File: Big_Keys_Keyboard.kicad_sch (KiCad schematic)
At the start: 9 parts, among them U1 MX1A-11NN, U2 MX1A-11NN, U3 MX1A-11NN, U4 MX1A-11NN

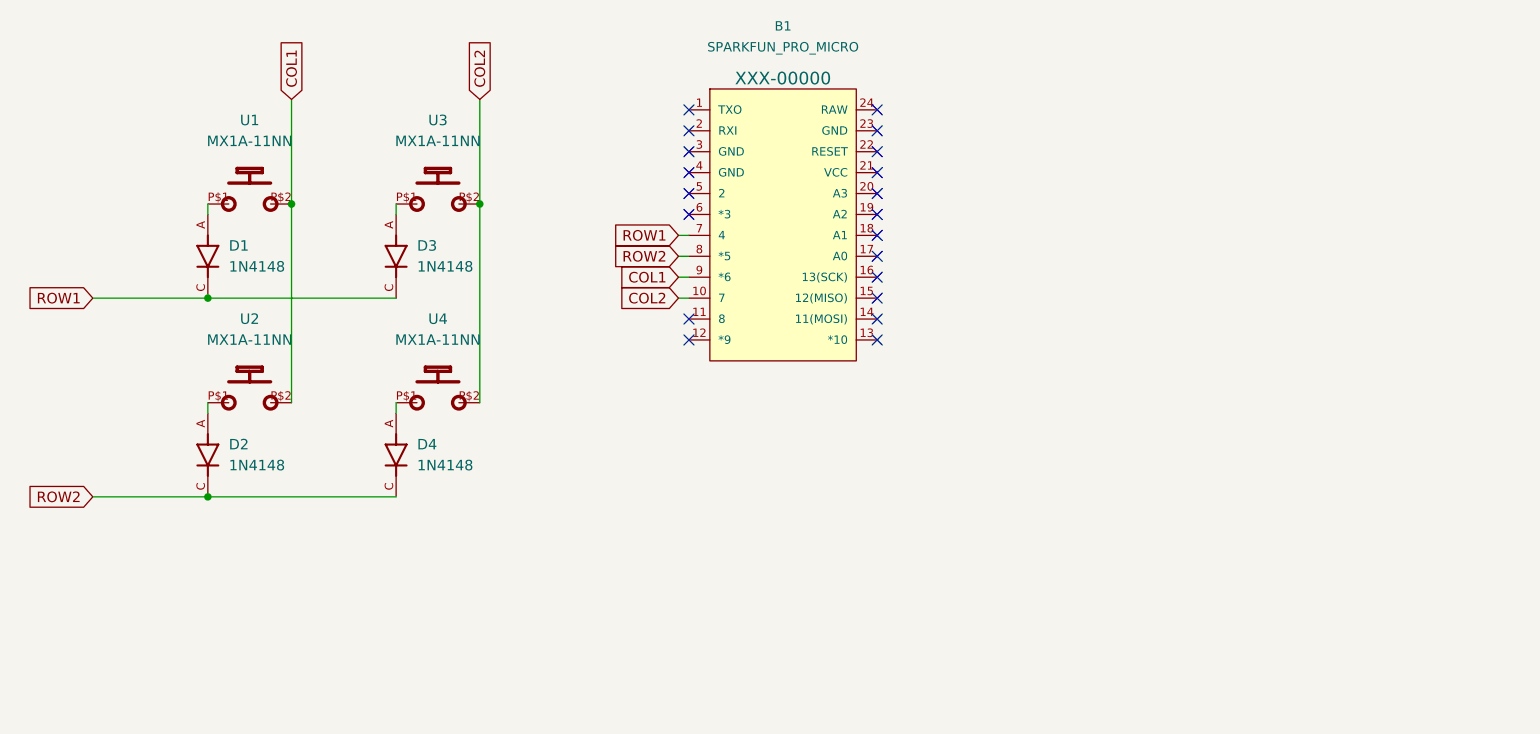
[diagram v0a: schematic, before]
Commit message: i2c bus with jst 4 pin ports on each side connected
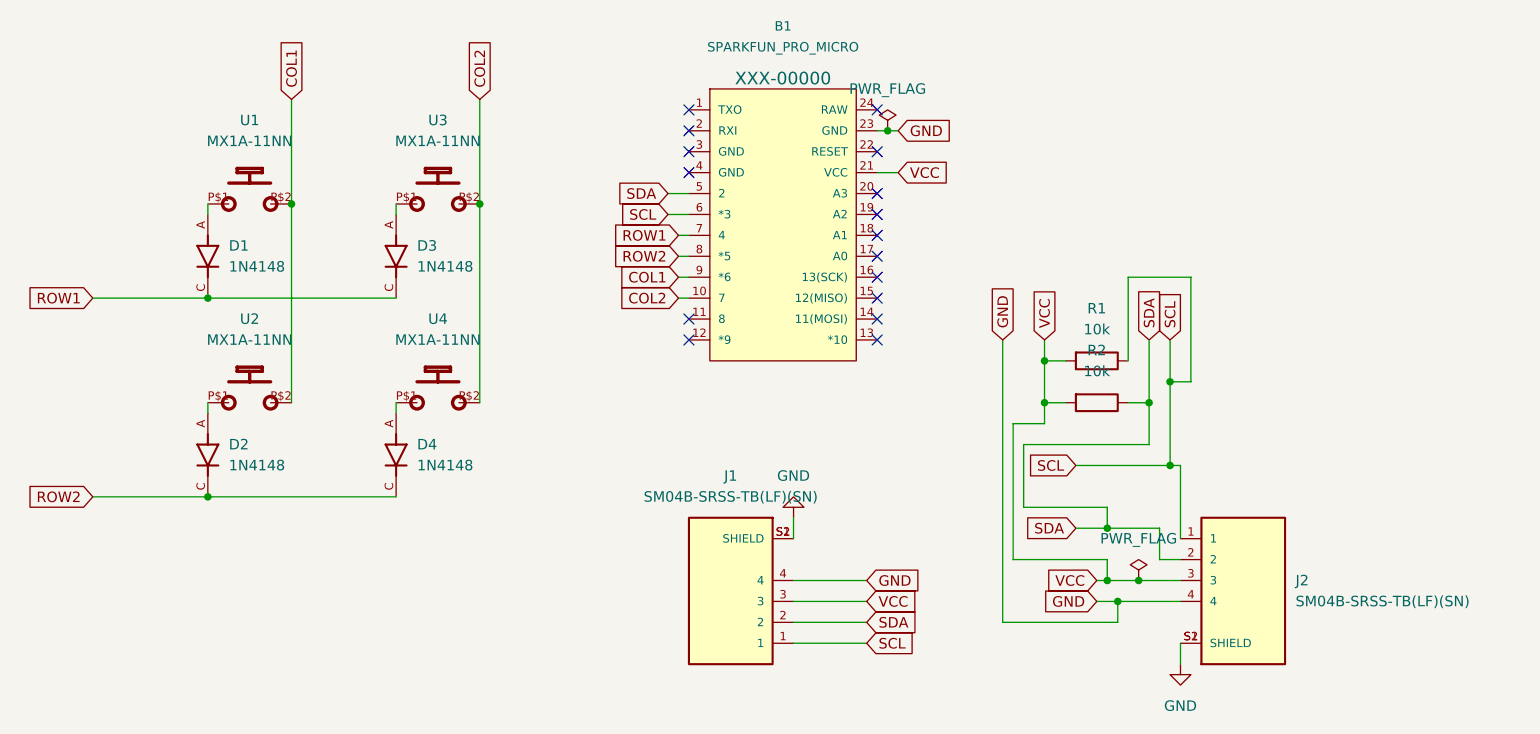
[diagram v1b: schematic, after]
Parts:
- added J1, J2: SM04B-SRSS-TB(LF)(SN), SM04B-SRSS-TB_LF__SN:JST_SM04B-SRSS-TB(LF)(SN), symbol SM04B-SRSS-TB_LF__SN_:SM04B-SRSS-TB(LF)(SN)
- added R1, R2: 10k, Resistor_THT:R_Axial_DIN0207_L6.3mm_D2.5mm_P10.16mm_Horizontal, symbol Device:R
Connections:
- net VCC: now reaches B1.21 (VCC)
- net VCC: now also J1.3, J2.3, R1.2, R2.2
- net GND: now reaches B1.23 (GND)
- net GND: now also J1.4, J1.S1 (SHIELD), J1.S2 (SHIELD), J2.4, J2.S1 (SHIELD), J2.S2 (SHIELD)
- net SDA: now reaches B1.5 (2)
- net SDA: now also J1.2, J2.2, R2.1
- net SCL: now reaches B1.6 (*3)
- net SCL: now also J1.1, J2.1, R1.1
- no-connect marks 20 -> 16

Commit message: printable design ready
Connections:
- net GND: now also B1.3 (GND), B1.4 (GND)
- no-connect marks 16 -> 14
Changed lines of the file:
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@@
   (no_connect (at 193.04 92.71))
   (no_connect (at 193.04 107.95))
-  (no_connect (at 170.18 87.63))
   (no_connect (at 193.04 102.87))
   (no_connect (at 170.18 82.55))
   (no_connect (at 170.18 85.09))
   (no_connect (at 193.04 100.33))
-  (no_connect (at 170.18 90.17))
   (no_connect (at 193.04 97.79))
   (no_connect (at 193.04 105.41))
@@
     (stroke (width 0) (type default) (color 0 0 0 0))
   )
+  (wire (pts (xy 167.64 87.63) (xy 170.18 87.63))
+    (stroke (width 0) (type default) (color 0 0 0 0))
+  )
   (wire (pts (xy 219.71 139.7) (xy 220.98 139.7))
     (stroke (width 0) (type default) (color 0 0 0 0))
@@
     (stroke (width 0) (type default) (color 0 0 0 0))
   )
+  (wire (pts (xy 167.64 90.17) (xy 170.18 90.17))
+    (stroke (width 0) (type default) (color 0 0 0 0))
+  )
   (wire (pts (xy 220.98 139.7) (xy 224.79 139.7))
     (stroke (width 0) (type default) (color 0 0 0 0))
@@
     )
   )
+  (global_label "GND" (shape input) (at 167.64 87.63 180) (fields_autoplaced)
+    (effects (font (size 1.27 1.27)) (justify right))
+    (property "Intersheet References" "${INTERSHEET_REFS}" (id 0) (at 161.3564 87.5506 0)
+      (effects (font (size 1.27 1.27)) (justify right) hide)
+    )
+  )
   (global_label "GND" (shape input) (at 219.71 142.24 180) (fields_autoplaced)
     (effects (font (size 1.27 1.27)) (justify right))
@@
       (effects (font (size 1.27 1.27)) (justify right) hide)
     )
+  )
+  (global_label "GND" (shape input) (at 167.64 90.17 180) (fields_autoplaced)
+    (effects (font (size 1.27 1.27)) (justify right))
+    (property "Intersheet References" "${INTERSHEET_REFS}" (id 0) (at 161.3564 90.0906 0)
+      (effects (font (size 1.27 1.27)) (justify right) hide)
+    )
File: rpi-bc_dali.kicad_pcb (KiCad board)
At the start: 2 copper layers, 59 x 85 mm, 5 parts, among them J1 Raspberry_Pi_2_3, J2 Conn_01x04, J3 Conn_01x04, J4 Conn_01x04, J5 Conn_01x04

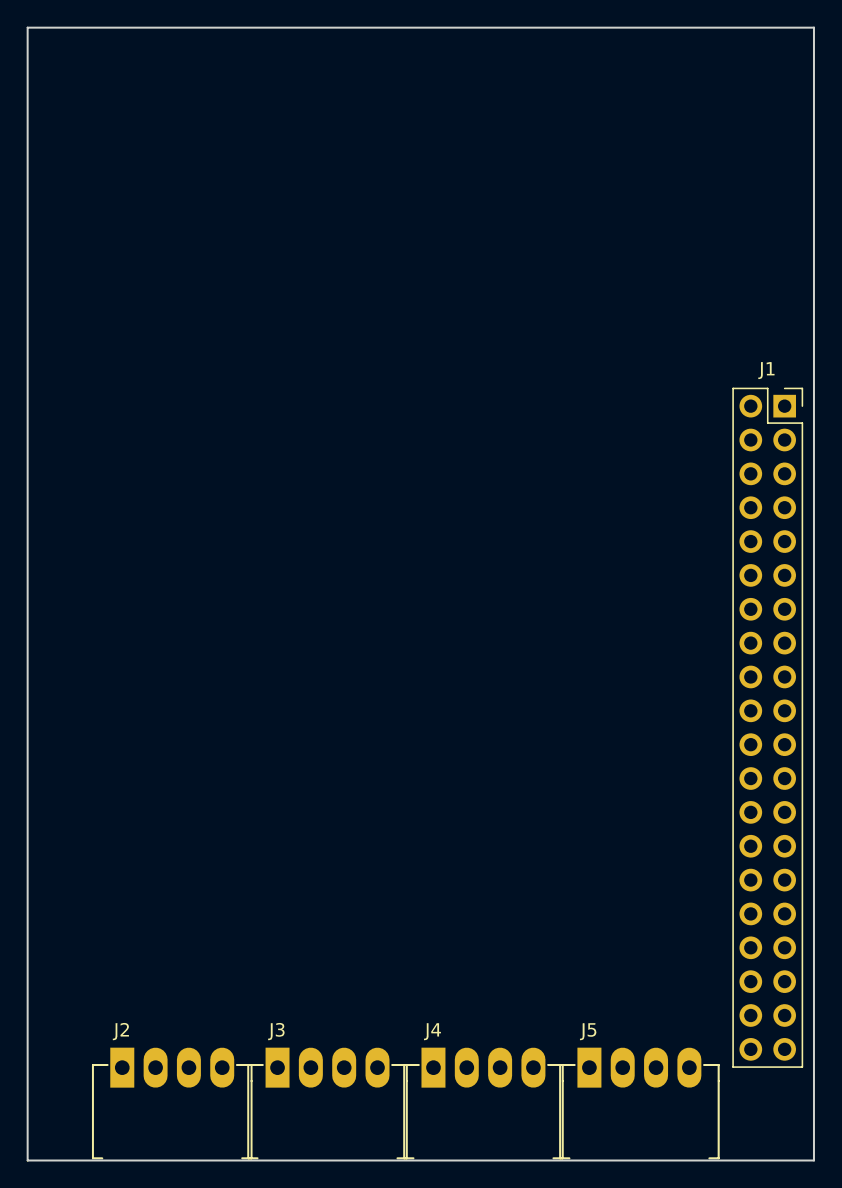
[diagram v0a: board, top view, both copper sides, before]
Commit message: master : first pass at layout
 - minor adjustments to schematic for trace flow
 - all nets routed and polygon's poured.
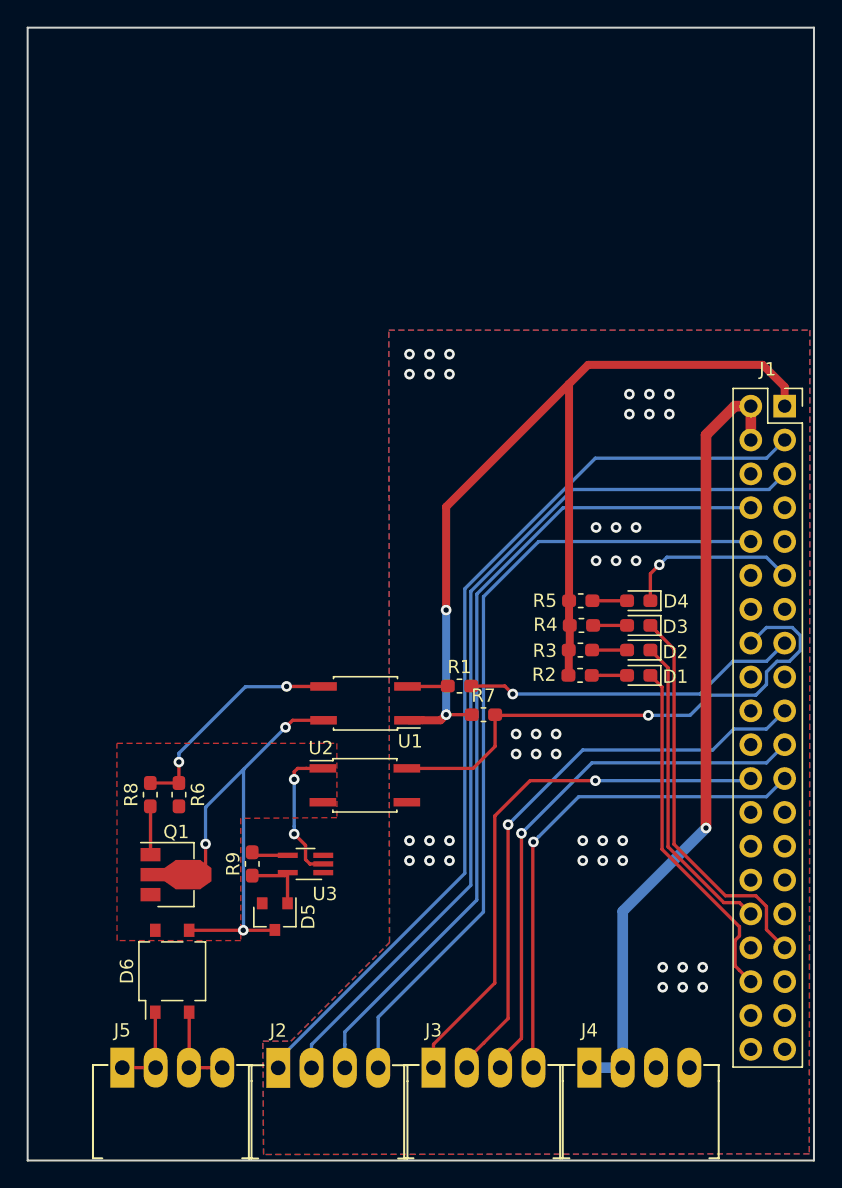
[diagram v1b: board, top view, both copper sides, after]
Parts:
- added D1: LED, LED_SMD:LED_0603_1608Metric_Pad1.05x0.95mm_HandSolder, F.Cu at (135.2, 103.6)
- added D2: LED, LED_SMD:LED_0603_1608Metric_Pad1.05x0.95mm_HandSolder, F.Cu at (135.2, 101.7)
- added D3: LED, LED_SMD:LED_0603_1608Metric_Pad1.05x0.95mm_HandSolder, F.Cu at (135.2, 99.8)
- added D4: LED, LED_SMD:LED_0603_1608Metric_Pad1.05x0.95mm_HandSolder, F.Cu at (135.2, 98.0)
- added D5: BZX84Cxx, Diode_SMD:D_SOT-23_ANK, F.Cu at (107.9, 121.7)
- added D6: MB2S, Package_TO_SOT_SMD:TO-269AA, F.Cu at (100.2, 125.8)
- added Q1: BCX56, Package_TO_SOT_SMD:SOT-89-3, F.Cu at (100.0, 118.5)
- added R1: 390R, Resistor_SMD:R_0603_1608Metric_Pad1.05x0.95mm_HandSolder, F.Cu at (121.8, 104.4)
- added R2: 1K, Resistor_SMD:R_0603_1608Metric_Pad1.05x0.95mm_HandSolder, F.Cu at (130.8, 103.6)
- added R3: 1K, Resistor_SMD:R_0603_1608Metric_Pad1.05x0.95mm_HandSolder, F.Cu at (130.8, 101.7)
- added R4: 1K, Resistor_SMD:R_0603_1608Metric_Pad1.05x0.95mm_HandSolder, F.Cu at (130.9, 99.8)
- added R5: 1K, Resistor_SMD:R_0603_1608Metric_Pad1.05x0.95mm_HandSolder, F.Cu at (130.8, 98.0)
- added R6: 1K, Resistor_SMD:R_0603_1608Metric_Pad1.05x0.95mm_HandSolder, F.Cu at (100.7, 112.5)
- added R7: 3K3, Resistor_SMD:R_0603_1608Metric_Pad1.05x0.95mm_HandSolder, F.Cu at (123.5, 106.5)
- added R8: 390R, Resistor_SMD:R_0603_1608Metric_Pad1.05x0.95mm_HandSolder, F.Cu at (98.5, 112.5)
- added R9: 560R, Resistor_SMD:R_0603_1608Metric_Pad1.05x0.95mm_HandSolder, F.Cu at (106.2, 117.8)
- added U1: HCPL-181, Package_SO:SO-4_4.4x3.6mm_P2.54mm, F.Cu at (114.7, 105.7)
- added U2: HCPL-181, Package_SO:SO-4_4.4x3.6mm_P2.54mm, F.Cu at (114.7, 111.8)
- added U3: PSSI2021SAY, Package_TO_SOT_SMD:SOT-353_SC-70-5_Handsoldering, F.Cu at (110.2, 117.8)
- moved J3 11.7 mm to (119.8, 133.0)
- moved J2 11.7 mm to (108.2, 133.1)
- renumbered J4 to J2, J5 to J4, J2 to J5
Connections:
- J1 pad 1: Net-(J1-Pad1) -> +3V3
- J1 pad 10: Net-(J1-Pad10) -> /UART_RXD
- J1 pad 11: Net-(J1-Pad11) -> /LED0
- J1 pad 14: Net-(J1-Pad14) -> GND
- J1 pad 15: Net-(J1-Pad15) -> /DALI_TX
- J1 pad 16: Net-(J1-Pad16) -> /DALI_RX
- J1 pad 17: Net-(J1-Pad17) -> +3V3
- J1 pad 19: Net-(J1-Pad19) -> /MOSI
- J1 pad 2: Net-(J1-Pad2) -> +5V
- J1 pad 20: Net-(J1-Pad20) -> GND
- J1 pad 21: Net-(J1-Pad21) -> /MISO
- J1 pad 23: Net-(J1-Pad23) -> /SCLK
- J1 pad 24: Net-(J1-Pad24) -> /CSN
- J1 pad 25: Net-(J1-Pad25) -> GND
- J1 pad 3: Net-(J1-Pad3) -> /I2C_SDA
- J1 pad 30: Net-(J1-Pad30) -> GND
- J1 pad 32: Net-(J1-Pad32) -> /LED2
- J1 pad 33: Net-(J1-Pad33) -> /LED1
- J1 pad 34: Net-(J1-Pad34) -> GND
- J1 pad 36: Net-(J1-Pad36) -> /LED3
- J1 pad 39: Net-(J1-Pad39) -> GND
- J1 pad 4: Net-(J1-Pad4) -> +5V
- J1 pad 5: Net-(J1-Pad5) -> /I2C_SCL
- J1 pad 6: Net-(J1-Pad6) -> GND
- J1 pad 8: Net-(J1-Pad8) -> /UART_TXD
- J1 pad 9: Net-(J1-Pad9) -> GND
- J2 pad 1: Net-(J4-Pad1) -> /I2C_SDA
- J2 pad 2: Net-(J4-Pad2) -> /I2C_SCL
- J2 pad 3: Net-(J4-Pad3) -> /UART_TXD
- J2 pad 4: Net-(J4-Pad4) -> /UART_RXD
- J3 pad 1: Net-(J3-Pad1) -> /CSN
- J3 pad 2: Net-(J3-Pad2) -> /MOSI
- J3 pad 3: Net-(J3-Pad3) -> /MISO
- J3 pad 4: Net-(J3-Pad4) -> /SCLK
- J4 pad 1: Net-(J5-Pad1) -> +5V
- J4 pad 2: Net-(J5-Pad2) -> +5V
- J4 pad 3: Net-(J5-Pad3) -> GND
- J4 pad 4: Net-(J5-Pad4) -> GND
- J5 pad 1: Net-(J2-Pad1) -> Net-(D6-Pad1)
- J5 pad 2: Net-(J2-Pad2) -> Net-(D6-Pad1)
- J5 pad 3: Net-(J2-Pad3) -> Net-(D6-Pad2)
- J5 pad 4: Net-(J2-Pad4) -> Net-(D6-Pad2)
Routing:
- net +3V3: track 0.00 -> 74.5 mm, vias 0 -> 2
- net /I2C_SDA: track 0.00 -> 70.4 mm
- net /I2C_SCL: track 0.00 -> 68.1 mm
- net /UART_TXD: track 0.00 -> 62.9 mm
- net /UART_RXD: track 0.00 -> 60.4 mm
- net +5V: track 0.00 -> 59.4 mm, vias 0 -> 1
- net /MOSI: track 0.00 -> 43.8 mm, vias 0 -> 1
- net /CSN: track 0.00 -> 41.7 mm, vias 0 -> 1
- net /MISO: track 0.00 -> 41.7 mm, vias 0 -> 1
- net /DALI_RX: track 0.00 -> 40.7 mm, vias 0 -> 1
- net Net-(D5-Pad1): track 0.00 -> 39.7 mm, vias 0 -> 3
- net /SCLK: track 0.00 -> 37.8 mm, vias 0 -> 1
- net /LED1: track 0.00 -> 29.7 mm
- net /LED3: track 0.00 -> 26.4 mm
- net /DALI_TX: track 0.00 -> 25.4 mm, vias 0 -> 1
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- added copper zone on F.Cu, net /GND_ISO
- added copper zone on B.Cu, net GND
- added copper zone on F.Cu, net GND

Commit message: master: updates to layout
 - fixed placement bug in GPIO connector.
 - re-routed all nets.
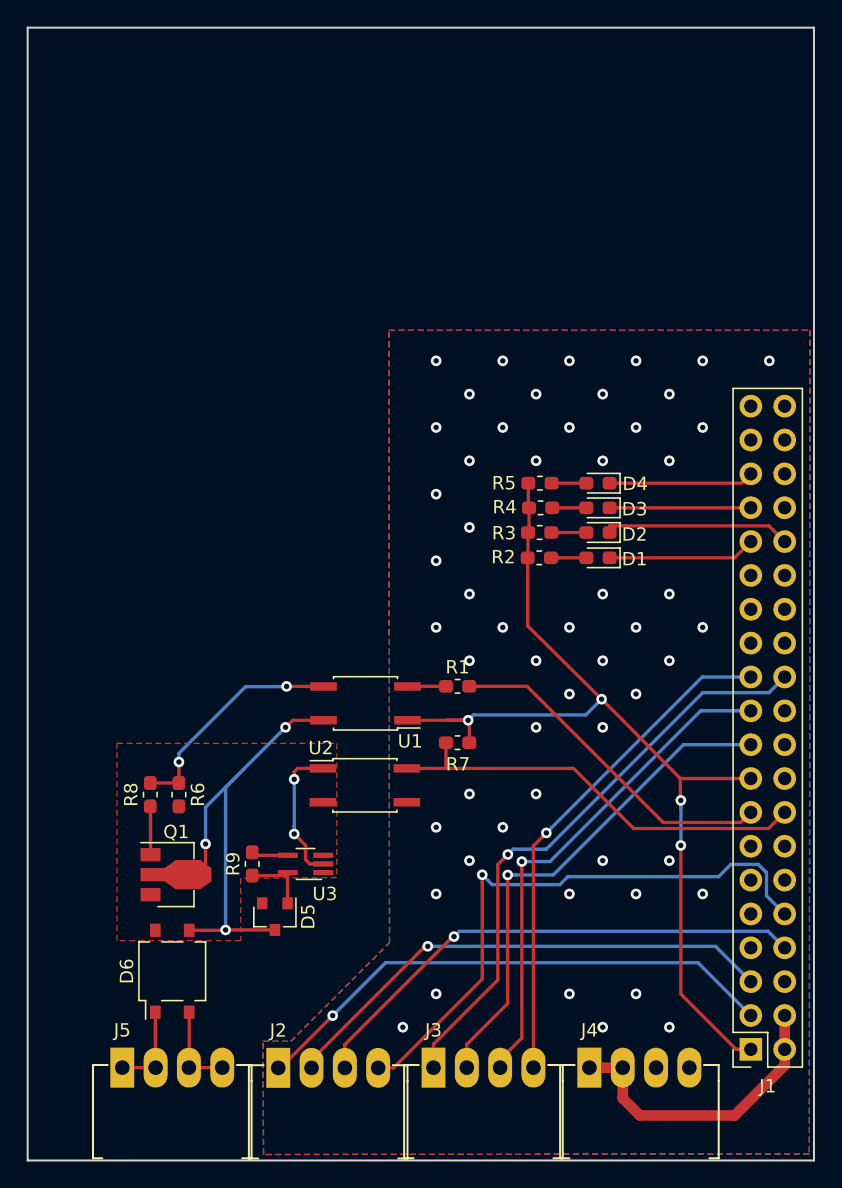
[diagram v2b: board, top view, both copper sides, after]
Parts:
- moved J1 48.3 mm to (143.6, 131.7), turned to 180 degrees
- moved D2 9.34 mm to (132.1, 92.9)
- moved R3 9.34 mm to (127.8, 92.9)
- moved R2 9.34 mm to (127.7, 94.8)
- moved D1 9.34 mm to (132.1, 94.8)
- moved D3 9.34 mm to (132.1, 91.0)
- moved D4 9.34 mm to (132.1, 89.2)
- moved R4 9.34 mm to (127.8, 91.0)
- moved R5 9.34 mm to (127.8, 89.2)
- moved R7 2.86 mm to (121.6, 108.7), turned to 180 degrees
- moved R1 0.14 mm to (121.6, 104.4)
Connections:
- J1 pad 11: /LED0 -> Net-(J1-Pad11)
- J1 pad 31: Net-(J1-Pad31) -> /LED3
- J1 pad 35: Net-(J1-Pad35) -> /LED0
- J1 pad 36: /LED3 -> Net-(J1-Pad36)
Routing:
- net +5V: track 59.4 -> 22.8 mm, vias 1 -> 0
- net /I2C_SDA: track 70.4 -> 40.4 mm, vias 0 -> 1
- net /I2C_SCL: track 68.1 -> 38.4 mm, vias 0 -> 1
- net /UART_TXD: track 62.9 -> 38.8 mm, vias 0 -> 1
- net /LED1: track 29.7 -> 10.6 mm
- net /UART_RXD: track 60.4 -> 44.6 mm, vias 0 -> 1
- net /LED3: track 26.4 -> 11.1 mm
- net /LED2: track 23.7 -> 14.2 mm
- net /DALI_RX: track 40.7 -> 32.7 mm, vias 1 -> 0
- net /MOSI: track 43.8 -> 38.0 mm
- net /CSN: track 41.7 -> 45.1 mm
- net /MISO: track 41.7 -> 39.0 mm
- net /LED0: track 13.2 -> 10.9 mm, vias 1 -> 0
- net +3V3: track 74.5 -> 74.1 mm, vias 2 -> 4
- net /DALI_TX: track 25.4 -> 25.7 mm, vias 1 -> 0

···

AIM OF THE EXERCISE: In the listing above, find the line with "- net GND: now also J1.4, J1.S1" and the line with "- no-connect marks 20 -> 16"; output exactly those lines and all lines between them.

SOLUTION:
- net GND: now also J1.4, J1.S1 (SHIELD), J1.S2 (SHIELD), J2.4, J2.S1 (SHIELD), J2.S2 (SHIELD)
- net SDA: now reaches B1.5 (2)
- net SDA: now also J1.2, J2.2, R2.1
- net SCL: now reaches B1.6 (*3)
- net SCL: now also J1.1, J2.1, R1.1
- no-connect marks 20 -> 16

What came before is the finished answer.